The FAW MV3 is the third generation military truck developed by First Automobile Works (FAW). Since 2011, FAW MV3 is the standardized military truck used widely by the Chinese People's Liberation Army. The utility truck has two configurations, 4x4 and more commonly 6x6, both featuring cross-country mobility. The truck also comes with options on single or double armored cabs. It's the Chinese equivalent of US Army M939 and MTVR.

The development of the MV3 finished in 2011, and won the Army endorsement from a competition in 2011 against three other state-owned military vehicle manufacturing corporation.
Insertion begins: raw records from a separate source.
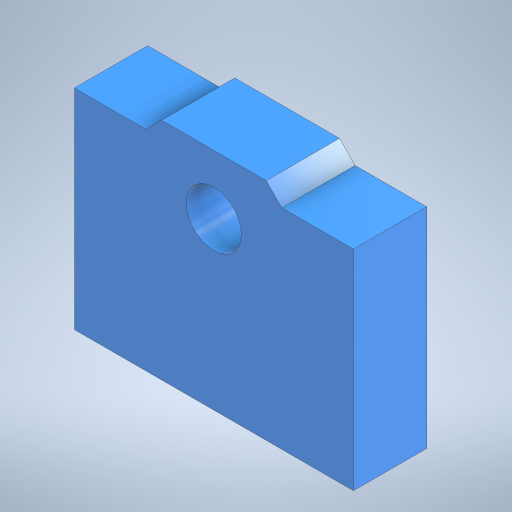
# Autodesk Inventor part: Roller Bracket
Saved by Autodesk Inventor 2024 (Build 280153020, 153B)
## iProperties
Created: 2024-02-06
Part Number: Roller Bracket
Material: Generic
Document SubType Name: Modeling
Designer: scottst
Density: 1 g/cm^3
Appearance: Default
Author: scottst
Autodesk Inventor part; units mm, degrees
sketch "Sketch3" plane through (0, 0, 0) normal (0, 1, 0) x (-1, 0, 0)
  line L0 (-20.32, 6.35) -> (20.32, 6.35)
  line L1 (20.32, 6.35) -> (20.32, -6.35)
  line L2 (20.32, -6.35) -> (-20.32, -6.35)
  line L3 (-20.32, -6.35) -> (-20.32, 6.35)
  line L4 (-20.32, 6.35) -> (20.32, -6.35) construction
  line L5 (20.32, 6.35) -> (-20.32, -6.35) construction
  point P0 (0, 0)
  dimension "d0" = 40.64
  dimension "d1" = 12.7
  constraints: 12 end point, 2 midpoint, 2 parallel, 1 horizontal, 1 perpendicular
  measures "d0" distance of L1.end L2.end
  measures "d1" distance of L0.end L1.end
sketch "Sketch3 outline for Extrusion1" plane through (0, 0, 0) normal (0, 1, 0) x (-1, 0, 0)
  line L0 (-20.32, 6.35) -> (-20.32, -6.35)
  line L1 (20.32, 6.35) -> (-20.32, 6.35)
  line L2 (20.32, -6.35) -> (20.32, 6.35)
  line L3 (-20.32, -6.35) -> (20.32, -6.35)
extrude "Extrusion1" add sketch "Sketch3 outline for Extrusion1" along normal blind 30.48
sketch "Sketch4" plane through (-20.32, 0, 6.35) normal (0, 0, 1) x (1, 0, 0)
  line L0 (20.32, 0) -> (20.32, 24.13) construction
  circle A0 centre (20.32, 24.13) radius 4
  line L1 (12.7, 28.196818) -> (27.94, 28.196818)
  line L2 (27.94, 28.196818) -> (27.94, 32.763182)
  line L3 (27.94, 32.763182) -> (12.7, 32.763182)
  line L4 (12.7, 32.763182) -> (12.7, 28.196818)
  line L5 (40.64, 30.48) -> (0, 30.48)
  line L6 (12.7, 28.196818) -> (27.94, 32.763182) construction
  line L7 (27.94, 28.196818) -> (12.7, 32.763182) construction
  point P0 (20.32, 30.48)
  dimension "d4" = 24.13
  dimension "d5" = 8
  dimension "d6" = 15.24
  constraints: 14 end point, 3 midpoint, 2 parallel, 1 centre point, 1 coincident, 1 horizontal, 1 perpendicular, 1 vertical
  measures "d4" distance of L0.start L0.end
  measures "d5" diameter of A0
  measures "d6" distance of L3.end L2.end
sketch "Sketch4 outline for Extrusion2" plane through (-20.32, 0, 6.35) normal (0, 0, 1) x (1, 0, 0)
  line L0 (27.94, 32.763182) -> (12.7, 32.763182)
  line L1 (27.94, 28.196818) -> (27.94, 32.763182)
  line L2 (12.7, 28.196818) -> (27.94, 28.196818)
  line L3 (12.7, 32.763182) -> (12.7, 28.196818)
extrude "Extrusion2" add sketch "Sketch4 outline for Extrusion2" against normal up to surface (12.7 mm away)
sketch "Sketch4 outline for Extrusion3" plane through (-20.32, 0, 6.35) normal (0, 0, 1) x (1, 0, 0)
  circle A0 centre (20.32, 24.13) radius 4
extrude "Extrusion3" cut sketch "Sketch4 outline for Extrusion3" against normal blind 22.225
chamfer "Chamfer1" distance 2.28092 angle 45 2 edges at (7.62, 30.48, 0) (-7.62, 30.48, 0)
sketch "Sketch5" plane through (0, 0, 0) normal (0, -1, 0) x (1, 0, 0)
  line L0 (0, 0) -> (-12.7, 0) construction
  line L1 (0, 0) -> (12.7, 0) construction
  circle A0 centre (-12.7, 0) radius 1.65
  circle A1 centre (12.7, 0) radius 1.65
  dimension "d14" = 12.7
  dimension "d15" = 12.7
  dimension "d16" = 3.3
  dimension "d17" = 3.3
  constraints: 4 end point, 2 centre point, 2 coincident, 2 horizontal
  measures "d14" distance of L0.start L0.end
  measures "d15" distance of L0.start L1.end
  measures "d16" diameter of A0
  measures "d17" diameter of A1
sketch "Sketch5 outline for Extrusion4" plane through (0, 0, 0) normal (0, -1, 0) x (1, 0, 0)
  circle A0 centre (12.7, 0) radius 1.65
  circle A1 centre (-12.7, 0) radius 1.65
extrude "Extrusion4" cut sketch "Sketch5 outline for Extrusion4" against normal blind 20
ref_plane "Work Plane1" through (20.32, 0, -4.318) normal (0, 0, -1) x (-1, 0, 0)
sketch "Sketch6" plane through (20.32, 0, -4.318) normal (0, 0, -1) x (-1, 0, 0)
  line L0 (0, 30.48) -> (10.41908, 30.48)
  line L1 (0, 0) -> (0, 30.48)
  line L2 (0, 0) -> (40.64, 0)
  line L3 (40.64, 0) -> (40.64, 30.48)
  line L4 (30.22092, 30.48) -> (40.64, 30.48)
  line L5 (27.94, 32.76092) -> (30.22092, 30.48)
  line L6 (12.7, 32.763182) -> (27.94, 32.763182)
  line L7 (10.41908, 30.48) -> (12.7, 32.76092)
  circle A0 centre (20.32, 24.13) radius 4
  line L8 (0, 30.48) -> (10.41908, 30.48)
  line L9 (0, 0) -> (0, 30.48)
  line L10 (0, 0) -> (40.64, 0)
  line L11 (40.64, 0) -> (40.64, 30.48)
  line L12 (30.22092, 30.48) -> (40.64, 30.48)
  line L13 (27.94, 32.76092) -> (30.22092, 30.48)
  line L14 (27.94, 32.763182) -> (27.94, 32.76092)
  line L15 (12.7, 32.763182) -> (27.94, 32.763182)
  line L16 (12.7, 32.76092) -> (12.7, 32.763182)
  line L17 (10.41908, 30.48) -> (12.7, 32.76092)
  line L18 (0, 30.48) -> (0, 0)
  line L19 (40.64, 0) -> (0, 0)
  line L20 (40.64, 0) -> (40.64, 30.48)
  line L21 (40.64, 30.48) -> (30.22092, 30.48)
  line L22 (30.22092, 30.48) -> (27.94, 32.763182)
  line L23 (27.94, 32.763182) -> (12.7, 32.76092)
  line L24 (12.7, 32.76092) -> (10.41908, 30.48)
  line L25 (0, 30.48) -> (10.41908, 30.48)
  point P0 (20.32, 0)
  constraints: 16 end point, 4 perpendicular
sketch "Sketch6 outline for Extrusion5" plane through (20.32, 0, -4.318) normal (0, 0, -1) x (-1, 0, 0)
  line L0 (27.94, 32.76092) -> (27.94, 32.763182)
  line L1 (30.22092, 30.48) -> (27.94, 32.76092)
  line L2 (27.94, 32.763182) -> (12.7, 32.76092)
  line L3 (40.64, 30.48) -> (30.22092, 30.48)
  line L4 (12.7, 32.76092) -> (10.41908, 30.48)
  line L5 (40.64, 0) -> (40.64, 30.48)
  line L6 (10.41908, 30.48) -> (0, 30.48)
  line L7 (0, 0) -> (40.64, 0)
  line L8 (0, 30.48) -> (0, 0)
  circle A0 centre (20.32, 24.13) radius 4
extrude "Extrusion5" cut sketch "Sketch6 outline for Extrusion5" along normal blind 20
sketch "Sketch7" plane through (20.32, 0, -4.318) normal (0, 0, -1) x (-1, 0, 0)
  circle A0 centre (20.32, 24.13) radius 8.255
  point P0 (20.32, 0)
  constraints: 1 centre point
ref_plane "Work Plane2" through (20.32, 0, -5.9055) normal (0, 0, -1) x (-1, 0, 0)
sketch "Sketch8" plane through (20.32, 0, -5.9055) normal (0, 0, -1) x (-1, 0, 0)
  circle A0 centre (20.32, 24.13) radius 5.5
  point P0 (20.32, 0)
  dimension "d25" = 11
  constraints: 1 centre point, 1 coincident
  measures "d25" diameter of A0
sketch "Sketch7 outline for Loft1" plane through (20.32, 0, -4.318) normal (0, 0, -1) x (-1, 0, 0)
  circle A0 centre (20.32, 24.13) radius 8.255
sketch "Sketch8 outline for Loft1" plane through (20.32, 0, -5.9055) normal (0, 0, -1) x (-1, 0, 0)
  circle A0 centre (20.32, 24.13) radius 5.5
loft "Loft1" add profiles "Sketch7 outline for Loft1", "Sketch8 outline for Loft1"
sketch "Sketch9" plane through (-20.32, 0, 6.35) normal (0, 0, 1) x (1, 0, 0)
  circle A0 centre (20.32, 24.13) radius 4 projected
  point P0 (20.32, 0)
sketch "Sketch9 outline for Extrusion6" plane through (-20.32, 0, 6.35) normal (0, 0, 1) x (1, 0, 0)
  circle A0 centre (20.32, 24.13) radius 4
extrude "Extrusion6" cut sketch "Sketch9 outline for Extrusion6" against normal blind 129.224999
ref_plane "Work Plane3" through (0, 10.16, 0) normal (0, -1, 0) x (1, 0, 0)
sketch "Sketch10" plane through (0, 10.16, 0) normal (0, -1, 0) x (1, 0, 0)
  circle A0 centre (-12.7, 0) radius 1.65
  line L0 (-15.5782, 0) -> (-9.87364, 0) construction
  line L1 (-9.90092, 1.631015) -> (-9.90092, -1.631015)
  line L2 (-15.55092, -1.631015) -> (-15.55092, 1.631015)
  line L3 (-12.72592, 3.262029) -> (-9.90092, 1.631015)
  line L4 (-15.55092, 1.631015) -> (-12.72592, 3.262029)
  line L5 (-12.72592, 0) -> (-9.90092, 0) construction
  line L6 (9.84772, 0) -> (15.55228, 0) construction
  line L7 (15.525, 1.631015) -> (15.525, -1.631015)
  line L8 (9.875, -1.631015) -> (9.875, 1.631015)
  line L9 (12.7, 3.262029) -> (15.525, 1.631015)
  line L10 (9.875, 1.631015) -> (12.7, 3.262029)
  line L11 (12.7, 0) -> (15.525, 0) construction
  circle A1 centre (12.7, 0) radius 1.65
  line L12 (15.525, -1.631015) -> (15.525, -3.262029)
  line L13 (15.525, -3.262029) -> (9.875, -3.262029)
  line L14 (9.875, -3.262029) -> (9.875, -1.631015)
  line L15 (-9.90092, -1.631015) -> (-9.90092, -3.262029)
  line L16 (-9.90092, -4.318) -> (-9.90092, 6.35)
  line L17 (-12.72592, -3.262029) -> (-9.90092, -3.262029)
  line L18 (-12.72592, -3.262029) -> (-15.55092, -3.262029)
  line L19 (-15.55092, -3.262029) -> (-15.55092, -1.631015)
  point P0 (0, 0)
  point P1 (-12.7, -1.132545)
  point P2 (-12.7, -3.5)
  point P3 (12.7, -1.132545)
  point P4 (12.7, -3.5)
  dimension "d34" = 2.825
  dimension "d35" = 2.825
  constraints: 38 end point, 4 midpoint, 4 perpendicular, 4 point on line, 2 coincident, 1 vertical, 18 other
  measures "d34" distance of L5.start L5.end
  measures "d35" distance of L11.start L11.end
sketch "Sketch10 outline for Extrusion7" plane through (0, 10.16, 0) normal (0, -1, 0) x (1, 0, 0)
  line L0 (-15.55092, -3.262029) -> (-9.90092, -3.262029)
  line L1 (-9.90092, -3.262029) -> (-9.90092, 1.631015)
  line L2 (-9.90092, 1.631015) -> (-12.72592, 3.262029)
  line L3 (-12.72592, 3.262029) -> (-15.55092, 1.631015)
  line L4 (-15.55092, 1.631015) -> (-15.55092, -3.262029)
  line L5 (15.525, 1.631015) -> (12.7, 3.262029)
  line L6 (12.7, 3.262029) -> (9.875, 1.631015)
  line L7 (9.875, 1.631015) -> (9.875, -3.262029)
  line L8 (9.875, -3.262029) -> (15.525, -3.262029)
  line L9 (15.525, -3.262029) -> (15.525, 1.631015)
extrude "Extrusion7" cut sketch "Sketch10 outline for Extrusion7" along normal mid plane 2.75
sketch "Sketch11" plane through (20.32, 0, -4.318) normal (0, 0, -1) x (-1, 0, 0)
  line L0 (29.08046, 32.526826) -> (11.260311, 32.526826)
  line L1 (11.260311, 32.526826) -> (11.260311, 35.082572)
  line L2 (11.260311, 35.082572) -> (29.08046, 35.082572)
  line L3 (29.08046, 35.082572) -> (29.08046, 32.526826)
  point P0 (20.32, 0)
  constraints: 8 end point, 2 parallel, 1 horizontal, 1 perpendicular
sketch "Sketch11 outline for Extrusion8" plane through (20.32, 0, -4.318) normal (0, 0, -1) x (-1, 0, 0)
  line L0 (29.08046, 32.526826) -> (29.08046, 35.082572)
  line L1 (11.260311, 32.526826) -> (29.08046, 32.526826)
  line L2 (11.260311, 35.082572) -> (11.260311, 32.526826)
  line L3 (29.08046, 35.082572) -> (11.260311, 35.082572)
extrude "Extrusion8" cut sketch "Sketch11 outline for Extrusion8" along normal blind 9.949993
body "Solid1"

MV3 will be the next generation universal transport/cargo truck, replacing Dongfeng EQ240/EQ2081 and Dongfeng EQ245/EQ2100.

Variants
CTM-131 Chinese military designation. 6x6 configuration with double cab. 5 ton payload capacity.
CTM-132 Chinese military designation. 6x6 configuration with single cab. 5 ton payload capacity.
CTM-133 Chinese military designation. 4x4 configuration with double cab. 3.5 ton payload capacity.
CTM-134 Chinese military designation. 4x4 configuration with single cab. 3.5 ton payload capacity.
PCL-161 122 mm truck-mounted howitzer (self-propelled howitzer, SPH) capable of rapid deployment, based on CTM-133 chassis. 
PHL-XX Modular multiple launch rocket system based on CTM-133 chassis.
AFT-10 Carrier Two HJ-10 missiles and electro-optical sensor fitted on CTM-133 chassis.